Blob theory leads to the conclusion that,
despite what humans may believe to be the case about reality due to what
they (believe they) experience about reality with their senses in their
everyday life, their senses are lying to them, and their sense
experiences are about objects that do not exist, or only exist as mental
apparitions. Blob theory also leads to the position that reality in fact
does not have any structure at all: reality is only composed of
structureless[3]
particles.
Blob
theory is of course in stark opposition to our empirical experience, but
interestingly, blob theory appears to apparently have much in common
with the theories of what reality is like at the quantum level (at the
tiniest level of reality that we know to exist). In other words, quantum
theory and blob theory are both in opposition to empirical experience,
but this may just mean that our empirical experiences are incorrect, and
they do not describe how reality actually is. (Most philosophers in the
Western analytic tradition assume that empirical experience is
correct, and therefore, due to that assumption, blob theory is
incorrect, and the findings of quantum theory are somehow incomplete.)

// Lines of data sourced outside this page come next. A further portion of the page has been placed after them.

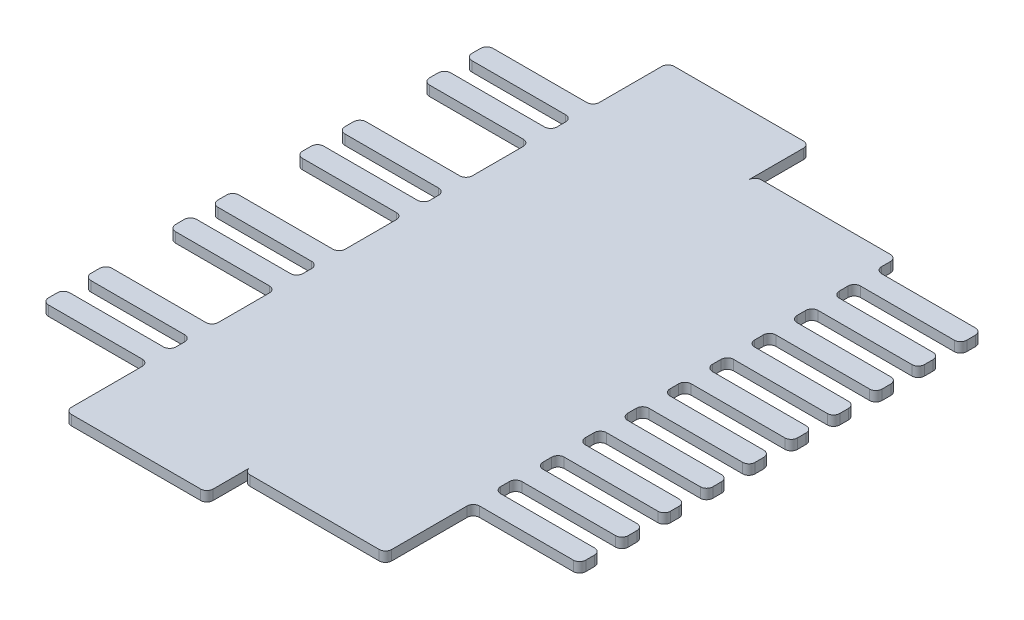
SolidWorks part; units mm, degrees
ref_plane "Front Plane" through (0, 0, 0) normal (0, 0, 1) x (1, 0, 0)
ref_plane "Top Plane" through (0, 0, 0) normal (0, 1, 0) x (1, 0, 0)
ref_plane "Right Plane" through (0, 0, 0) normal (1, 0, 0) x (0, 0, -1)
sketch "Sketch1" plane through (0, 0, 0) normal (0, 1, 0) x (1, 0, 0)
  line L0 (-0.75, 10) -> (-12, 10)
  line L2 (0, 9.25) -> (0, 0.75)
  line L5 (-12.75, 11.27) -> (0, 11.27) construction
  line L7 (-12.75, 10.75) -> (-12.75, 11.79)
  line L8 (-12, 12.54) -> (-0.75, 12.54)
  line L12 (0, 14.33) -> (0, 13.29)
  line L17 (-0.75, 15.08) -> (-12, 15.08)
  line L22 (-12.75, 15.83) -> (-12.75, 16.87)
  line L27 (-12, 17.62) -> (-0.75, 17.62)
  line L56 (16.25, 0) -> (0.75, 0)
  line L84 (0, 19.41) -> (0, 10.91) [skipped]
  line L85 (-0.75, 20.16) -> (-12, 20.16) [skipped]
  line L86 (-12.75, 20.91) -> (-12.75, 21.95) [skipped]
  line L87 (-12, 22.7) -> (-0.75, 22.7) [skipped]
  line L88 (0, 24.49) -> (0, 15.99) [skipped]
  line L89 (-0.75, 25.24) -> (-12, 25.24) [skipped]
  line L90 (-12.75, 25.99) -> (-12.75, 27.03) [skipped]
  line L91 (-12, 27.78) -> (-0.75, 27.78) [skipped]
  line L92 (0, 29.57) -> (0, 21.07) [skipped]
  line L93 (-0.75, 30.32) -> (-12, 30.32) [skipped]
  line L94 (-12.75, 31.07) -> (-12.75, 32.11) [skipped]
  line L95 (-12, 32.86) -> (-0.75, 32.86) [skipped]
  line L96 (0, 34.65) -> (0, 26.15) [skipped]
  line L97 (-0.75, 35.4) -> (-12, 35.4) [skipped]
  line L98 (-12.75, 36.15) -> (-12.75, 37.19) [skipped]
  line L99 (-12, 37.94) -> (-0.75, 37.94) [skipped]
  line L100 (0, 39.73) -> (0, 31.23) [skipped]
  line L101 (-0.75, 40.48) -> (-12, 40.48) [skipped]
  line L102 (-12.75, 41.23) -> (-12.75, 42.27) [skipped]
  line L103 (-12, 43.02) -> (-0.75, 43.02) [skipped]
  line L104 (0, 44.81) -> (0, 36.31) [skipped]
  line L105 (-0.75, 45.56) -> (-12, 45.56) [skipped]
  line L106 (-12.75, 46.31) -> (-12.75, 47.35) [skipped]
  line L107 (-12, 48.1) -> (-0.75, 48.1) [skipped]
  line L108 (0, 49.89) -> (0, 41.39) [skipped]
  line L109 (-0.75, 50.64) -> (-12, 50.64) [skipped]
  line L110 (-12.75, 51.39) -> (-12.75, 52.43) [skipped]
  line L111 (-12, 53.18) -> (-0.75, 53.18) [skipped]
  line L112 (0, 54.97) -> (0, 46.47) [skipped]
  line L113 (-0.75, 55.72) -> (-12, 55.72) [skipped]
  line L114 (-12.75, 56.47) -> (-12.75, 57.51) [skipped]
  line L115 (-12, 58.26) -> (-0.75, 58.26) [skipped]
  line L116 (-0.75, 25.24) -> (-12, 25.24)
  line L117 (-12.75, 25.99) -> (-12.75, 27.03)
  line L118 (-12, 27.78) -> (-0.75, 27.78)
  line L119 (0, 29.57) -> (0, 28.53)
  line L120 (-0.75, 30.32) -> (-12, 30.32)
  line L121 (-12.75, 31.07) -> (-12.75, 32.11)
  line L122 (-12, 32.86) -> (-0.75, 32.86)
  line L123 (-0.75, 40.48) -> (-12, 40.48)
  line L124 (-12.75, 41.23) -> (-12.75, 42.27)
  line L125 (-12, 43.02) -> (-0.75, 43.02)
  line L126 (0, 44.81) -> (0, 43.77)
  line L127 (-0.75, 45.56) -> (-12, 45.56)
  line L128 (-12.75, 46.31) -> (-12.75, 47.35)
  line L129 (-12, 48.1) -> (-0.75, 48.1)
  line L130 (-0.75, 55.72) -> (-12, 55.72)
  line L131 (-12.75, 56.47) -> (-12.75, 57.51)
  line L132 (-12, 58.26) -> (-0.75, 58.26)
  line L133 (0, 60.05) -> (0, 59.01)
  line L134 (-0.75, 60.8) -> (-12, 60.8)
  line L135 (-12.75, 61.55) -> (-12.75, 62.59)
  line L136 (-12, 63.34) -> (-0.75, 63.34)
  line L137 (0, 24.49) -> (0, 18.37)
  line L138 (0, 33.61) -> (0, 39.73)
  line L139 (0, 48.85) -> (0, 54.97)
  line L140 (0, 64.09) -> (0, 71.59)
  line L141 (0.75, 72.34) -> (16.25, 72.34)
  line L142 (17, 71.59) -> (17, 65.023)
  line L143 (34.75, 63.233) -> (46, 63.233)
  line L144 (34, 63.983) -> (34, 65.023)
  line L145 (46.75, 61.963) -> (34, 61.963) construction
  line L146 (46.75, 62.483) -> (46.75, 61.443)
  line L147 (46, 60.693) -> (34.75, 60.693)
  line L148 (34, 58.903) -> (34, 59.943)
  line L149 (34.75, 58.153) -> (46, 58.153)
  line L150 (46.75, 57.403) -> (46.75, 56.363)
  line L151 (46, 55.613) -> (34.75, 55.613)
  line L152 (34, 53.823) -> (34, 54.863)
  line L153 (34.75, 53.073) -> (46, 53.073)
  line L154 (46.75, 52.323) -> (46.75, 51.283)
  line L155 (46, 50.533) -> (34.75, 50.533)
  line L156 (34, 48.743) -> (34, 49.783)
  line L157 (34, 14.223) -> (34, 5.183)
  line L158 (33.25, 4.433) -> (17.75, 4.433)
  line L159 (17, 5.183) -> (17, 65.023) construction
  line L160 (17.75, 65.773) -> (33.25, 65.773)
  line L161 (34.75, 47.993) -> (46, 47.993)
  line L162 (46.75, 47.243) -> (46.75, 46.203)
  line L163 (46, 45.453) -> (34.75, 45.453)
  line L164 (34, 43.663) -> (34, 44.703)
  line L165 (34.75, 42.913) -> (46, 42.913)
  line L166 (46.75, 42.163) -> (46.75, 41.123)
  line L167 (46, 40.373) -> (34.75, 40.373)
  line L168 (34, 38.583) -> (34, 39.623)
  line L169 (34.75, 37.833) -> (46, 37.833)
  line L170 (46.75, 37.083) -> (46.75, 36.043)
  line L171 (46, 35.293) -> (34.75, 35.293)
  line L172 (34, 33.503) -> (34, 34.543)
  line L173 (34.75, 32.753) -> (46, 32.753)
  line L174 (46.75, 32.003) -> (46.75, 30.963)
  line L175 (46, 30.213) -> (34.75, 30.213)
  line L176 (34, 28.423) -> (34, 29.463)
  line L177 (34.75, 27.673) -> (46, 27.673)
  line L178 (46.75, 26.923) -> (46.75, 25.883)
  line L179 (46, 25.133) -> (34.75, 25.133)
  line L180 (34, 23.343) -> (34, 24.383)
  line L181 (34.75, 22.593) -> (46, 22.593)
  line L182 (46.75, 21.843) -> (46.75, 20.803)
  line L183 (46, 20.053) -> (34.75, 20.053)
  line L184 (34, 18.263) -> (34, 19.303)
  line L185 (34.75, 17.513) -> (46, 17.513)
  line L186 (46.75, 16.763) -> (46.75, 15.723)
  line L187 (46, 14.973) -> (34.75, 14.973)
  line L188 (17, 65.023) -> (17, 5.183) construction
  line L189 (17, 5.183) -> (17, 0.75)
  arc A0 (-0.75, 12.54) -> (0, 13.29) centre (-0.75, 13.29) ccw
  arc A1 (-12.75, 11.79) -> (-12, 12.54) centre (-12, 11.79) cw
  arc A2 (-12, 10) -> (-12.75, 10.75) centre (-12, 10.75) cw
  arc A3 (0, 0.75) -> (0.75, 0) centre (0.75, 0.75) ccw
  arc A4 (-0.75, 10) -> (0, 9.25) centre (-0.75, 9.25) cw
  arc A5 (17, 0.75) -> (16.25, 0) centre (16.25, 0.75) cw
  arc A6 (-0.75, 15.08) -> (0, 14.33) centre (-0.75, 14.33) cw
  arc A7 (-12, 15.08) -> (-12.75, 15.83) centre (-12, 15.83) cw
  arc A8 (-12.75, 16.87) -> (-12, 17.62) centre (-12, 16.87) cw
  arc A9 (-0.75, 17.62) -> (0, 18.37) centre (-0.75, 18.37) ccw
  arc A44 (-0.75, 20.16) -> (0, 19.41) centre (-0.75, 19.41) cw [skipped]
  arc A45 (-12, 20.16) -> (-12.75, 20.91) centre (-12, 20.91) cw [skipped]
  arc A46 (-12.75, 21.95) -> (-12, 22.7) centre (-12, 21.95) cw [skipped]
  arc A47 (-0.75, 22.7) -> (0, 23.45) centre (-0.75, 23.45) ccw [skipped]
  arc A48 (-0.75, 25.24) -> (0, 24.49) centre (-0.75, 24.49) cw [skipped]
  arc A49 (-12, 25.24) -> (-12.75, 25.99) centre (-12, 25.99) cw [skipped]
  arc A50 (-12.75, 27.03) -> (-12, 27.78) centre (-12, 27.03) cw [skipped]
  arc A51 (-0.75, 27.78) -> (0, 28.53) centre (-0.75, 28.53) ccw [skipped]
  arc A52 (-0.75, 30.32) -> (0, 29.57) centre (-0.75, 29.57) cw [skipped]
  arc A53 (-12, 30.32) -> (-12.75, 31.07) centre (-12, 31.07) cw [skipped]
  arc A54 (-12.75, 32.11) -> (-12, 32.86) centre (-12, 32.11) cw [skipped]
  arc A55 (-0.75, 32.86) -> (0, 33.61) centre (-0.75, 33.61) ccw [skipped]
  arc A56 (-0.75, 35.4) -> (0, 34.65) centre (-0.75, 34.65) cw [skipped]
  arc A57 (-12, 35.4) -> (-12.75, 36.15) centre (-12, 36.15) cw [skipped]
  arc A58 (-12.75, 37.19) -> (-12, 37.94) centre (-12, 37.19) cw [skipped]
  arc A59 (-0.75, 37.94) -> (0, 38.69) centre (-0.75, 38.69) ccw [skipped]
  arc A60 (-0.75, 40.48) -> (0, 39.73) centre (-0.75, 39.73) cw [skipped]
  arc A61 (-12, 40.48) -> (-12.75, 41.23) centre (-12, 41.23) cw [skipped]
  arc A62 (-12.75, 42.27) -> (-12, 43.02) centre (-12, 42.27) cw [skipped]
  arc A63 (-0.75, 43.02) -> (0, 43.77) centre (-0.75, 43.77) ccw [skipped]
  arc A64 (-0.75, 45.56) -> (0, 44.81) centre (-0.75, 44.81) cw [skipped]
  arc A65 (-12, 45.56) -> (-12.75, 46.31) centre (-12, 46.31) cw [skipped]
  arc A66 (-12.75, 47.35) -> (-12, 48.1) centre (-12, 47.35) cw [skipped]
  arc A67 (-0.75, 48.1) -> (0, 48.85) centre (-0.75, 48.85) ccw [skipped]
  arc A68 (-0.75, 50.64) -> (0, 49.89) centre (-0.75, 49.89) cw [skipped]
  arc A69 (-12, 50.64) -> (-12.75, 51.39) centre (-12, 51.39) cw [skipped]
  arc A70 (-12.75, 52.43) -> (-12, 53.18) centre (-12, 52.43) cw [skipped]
  arc A71 (-0.75, 53.18) -> (0, 53.93) centre (-0.75, 53.93) ccw [skipped]
  arc A72 (-0.75, 55.72) -> (0, 54.97) centre (-0.75, 54.97) cw [skipped]
  arc A73 (-12, 55.72) -> (-12.75, 56.47) centre (-12, 56.47) cw [skipped]
  arc A74 (-12.75, 57.51) -> (-12, 58.26) centre (-12, 57.51) cw [skipped]
  arc A75 (-0.75, 58.26) -> (0, 59.01) centre (-0.75, 59.01) ccw [skipped]
  arc A76 (-0.75, 27.78) -> (0, 28.53) centre (-0.75, 28.53) ccw
  arc A77 (-12.75, 27.03) -> (-12, 27.78) centre (-12, 27.03) cw
  arc A78 (-12, 25.24) -> (-12.75, 25.99) centre (-12, 25.99) cw
  arc A79 (-0.75, 25.24) -> (0, 24.49) centre (-0.75, 24.49) cw
  arc A80 (-0.75, 30.32) -> (0, 29.57) centre (-0.75, 29.57) cw
  arc A81 (-12, 30.32) -> (-12.75, 31.07) centre (-12, 31.07) cw
  arc A82 (-12.75, 32.11) -> (-12, 32.86) centre (-12, 32.11) cw
  arc A83 (-0.75, 32.86) -> (0, 33.61) centre (-0.75, 33.61) ccw
  arc A84 (-0.75, 43.02) -> (0, 43.77) centre (-0.75, 43.77) ccw
  arc A85 (-12.75, 42.27) -> (-12, 43.02) centre (-12, 42.27) cw
  arc A86 (-12, 40.48) -> (-12.75, 41.23) centre (-12, 41.23) cw
  arc A87 (-0.75, 40.48) -> (0, 39.73) centre (-0.75, 39.73) cw
  arc A88 (-0.75, 45.56) -> (0, 44.81) centre (-0.75, 44.81) cw
  arc A89 (-12, 45.56) -> (-12.75, 46.31) centre (-12, 46.31) cw
  arc A90 (-12.75, 47.35) -> (-12, 48.1) centre (-12, 47.35) cw
  arc A91 (-0.75, 48.1) -> (0, 48.85) centre (-0.75, 48.85) ccw
  arc A92 (-0.75, 58.26) -> (0, 59.01) centre (-0.75, 59.01) ccw
  arc A93 (-12.75, 57.51) -> (-12, 58.26) centre (-12, 57.51) cw
  arc A94 (-12, 55.72) -> (-12.75, 56.47) centre (-12, 56.47) cw
  arc A95 (-0.75, 55.72) -> (0, 54.97) centre (-0.75, 54.97) cw
  arc A96 (-0.75, 60.8) -> (0, 60.05) centre (-0.75, 60.05) cw
  arc A97 (-12, 60.8) -> (-12.75, 61.55) centre (-12, 61.55) cw
  arc A98 (-12.75, 62.59) -> (-12, 63.34) centre (-12, 62.59) cw
  arc A99 (-0.75, 63.34) -> (0, 64.09) centre (-0.75, 64.09) ccw
  arc A100 (0, 71.59) -> (0.75, 72.34) centre (0.75, 71.59) cw
  arc A101 (16.25, 72.34) -> (17, 71.59) centre (16.25, 71.59) cw
  arc A102 (34.75, 60.693) -> (34, 59.943) centre (34.75, 59.943) ccw
  arc A103 (46.75, 61.443) -> (46, 60.693) centre (46, 61.443) cw
  arc A104 (46, 63.233) -> (46.75, 62.483) centre (46, 62.483) cw
  arc A105 (34, 65.023) -> (33.25, 65.773) centre (33.25, 65.023) ccw
  arc A106 (34.75, 63.233) -> (34, 63.983) centre (34.75, 63.983) cw
  arc A107 (17, 65.023) -> (17.75, 65.773) centre (17.75, 65.023) cw
  arc A108 (34.75, 58.153) -> (34, 58.903) centre (34.75, 58.903) cw
  arc A109 (46, 58.153) -> (46.75, 57.403) centre (46, 57.403) cw
  arc A110 (46.75, 56.363) -> (46, 55.613) centre (46, 56.363) cw
  arc A111 (34.75, 55.613) -> (34, 54.863) centre (34.75, 54.863) ccw
  arc A112 (34.75, 53.073) -> (34, 53.823) centre (34.75, 53.823) cw
  arc A113 (46, 53.073) -> (46.75, 52.323) centre (46, 52.323) cw
  arc A114 (46.75, 51.283) -> (46, 50.533) centre (46, 51.283) cw
  arc A115 (34.75, 50.533) -> (34, 49.783) centre (34.75, 49.783) ccw
  arc A116 (34.75, 47.993) -> (34, 48.743) centre (34.75, 48.743) cw
  arc A117 (46, 47.993) -> (46.75, 47.243) centre (46, 47.243) cw
  arc A118 (46.75, 46.203) -> (46, 45.453) centre (46, 46.203) cw
  arc A119 (34.75, 45.453) -> (34, 44.703) centre (34.75, 44.703) ccw
  arc A120 (34.75, 42.913) -> (34, 43.663) centre (34.75, 43.663) cw
  arc A121 (46, 42.913) -> (46.75, 42.163) centre (46, 42.163) cw
  arc A122 (46.75, 41.123) -> (46, 40.373) centre (46, 41.123) cw
  arc A123 (34.75, 40.373) -> (34, 39.623) centre (34.75, 39.623) ccw
  arc A124 (34.75, 37.833) -> (34, 38.583) centre (34.75, 38.583) cw
  arc A125 (46, 37.833) -> (46.75, 37.083) centre (46, 37.083) cw
  arc A126 (46.75, 36.043) -> (46, 35.293) centre (46, 36.043) cw
  arc A127 (34.75, 35.293) -> (34, 34.543) centre (34.75, 34.543) ccw
  arc A128 (34.75, 32.753) -> (34, 33.503) centre (34.75, 33.503) cw
  arc A129 (46, 32.753) -> (46.75, 32.003) centre (46, 32.003) cw
  arc A130 (46.75, 30.963) -> (46, 30.213) centre (46, 30.963) cw
  arc A131 (34.75, 30.213) -> (34, 29.463) centre (34.75, 29.463) ccw
  arc A132 (34.75, 27.673) -> (34, 28.423) centre (34.75, 28.423) cw
  arc A133 (46, 27.673) -> (46.75, 26.923) centre (46, 26.923) cw
  arc A134 (46.75, 25.883) -> (46, 25.133) centre (46, 25.883) cw
  arc A135 (34.75, 25.133) -> (34, 24.383) centre (34.75, 24.383) ccw
  arc A136 (34.75, 22.593) -> (34, 23.343) centre (34.75, 23.343) cw
  arc A137 (46, 22.593) -> (46.75, 21.843) centre (46, 21.843) cw
  arc A138 (46.75, 20.803) -> (46, 20.053) centre (46, 20.803) cw
  arc A139 (34.75, 20.053) -> (34, 19.303) centre (34.75, 19.303) ccw
  arc A140 (34.75, 17.513) -> (34, 18.263) centre (34.75, 18.263) cw
  arc A141 (46, 17.513) -> (46.75, 16.763) centre (46, 16.763) cw
  arc A142 (46.75, 15.723) -> (46, 14.973) centre (46, 15.723) cw
  arc A143 (34.75, 14.973) -> (34, 14.223) centre (34.75, 14.223) ccw
  arc A144 (34, 5.183) -> (33.25, 4.433) centre (33.25, 5.183) cw
  arc A145 (17.75, 4.433) -> (17, 5.183) centre (17.75, 5.183) cw
  point P0 (0, 0)
  point P27 (34, 65.773)
  point P48 (-12.75, 12.54)
  point P69 (-12.75, 10)
  point P78 (0, 0)
  point P81 (0, 10)
  point P123 (-6.375, 63.34)
  point P140 (34, 60.693)
  dimension "D6" = 0.75
  dimension "D7" = 0.75
  dimension "D8" = 4
  dimension "D9" = 10.16
  dimension "D11" = 0.75
  dimension "D13" = 0.75
  dimension "D14" = 0.75
  dimension "D15" = 0.75
  dimension "D16" = 0.75
  dimension "D1" = 2.54
  dimension "D2" = 12
  dimension "D3" = 10
  dimension "D4" = 10
  dimension "D5" = 17
  dimension "D10" = 5.08
  dimension "D12" = 9
  dimension "D17" = 5.08
  dimension "D18" = 12
  dimension "D19" = 10.54
extrude "Boss-Extrude1" add sketch "Sketch1" along normal blind 1.2

Instead, reality may merely be composed of structureless and
featureless,
indistinguishable quantum particles, which is a position
supported by blob theory and by quantum mechanics. Of course, if quantum
mechanics and blob theory are correct, it would mean that the reality
that humans experience in their daily life, which is a reality of
colors, surfaces, and moving solids (such as when a person witnesses a
cloud floating by, which she experiences as a white surface moving
slowly in the sky), is an illusion, and/or are is a creation and
fabrication somehow generated by the very act of experiencing, having no
basis in reality itself.
Lastly, blob theory
involves the amazing position that mental states can only be
propertyless and unstructured. This, of course, leads to the
difficult-to-understand position that a self's empirical experiences of
color patches, for example, are not actually happening, and if one could
experience properly, experiencing what actually exists, one would
experience a structureless, colorless, immaterial, and undifferentiated
reality. This is, ironically, the very reality described by Advaita
Vedanta, and by early Indian Buddhists (see
abstract atomism for discussion).
Click here to go to:
"Blob Theory:
N-adic Properties Do Not Exist",
Sorites,
vol. 17.

[1]
Maddy, P., 1990, “Physicalistic Platonism”, in Irvine,
A. D. (ed.), Physicalism in
Mathematics,
Kluwer: New York, pp. 259-289, page 273.
This has to do with Kant's transcendental idealism (KTI), which is, in
Allison's words, unpopular among philosophers (Kant's
Transcendental Idealism, Yale, 2004, p. 3). According to KTI, only
(1) what Kant calls things in themselves, which are much like
philosophic
atoms, and which are the real items that exist in
mind-independent reality, and (2) mental states about empirical objects (where the empirical
objects are mental fabrications and do not reflect what exists in
mind-independent reality) are the items that exist and make up
reality. Kant writes:
External things,
namely matter, are... nothing but mere appearances, that is,
representations in us, of whose reality we are directly conscious...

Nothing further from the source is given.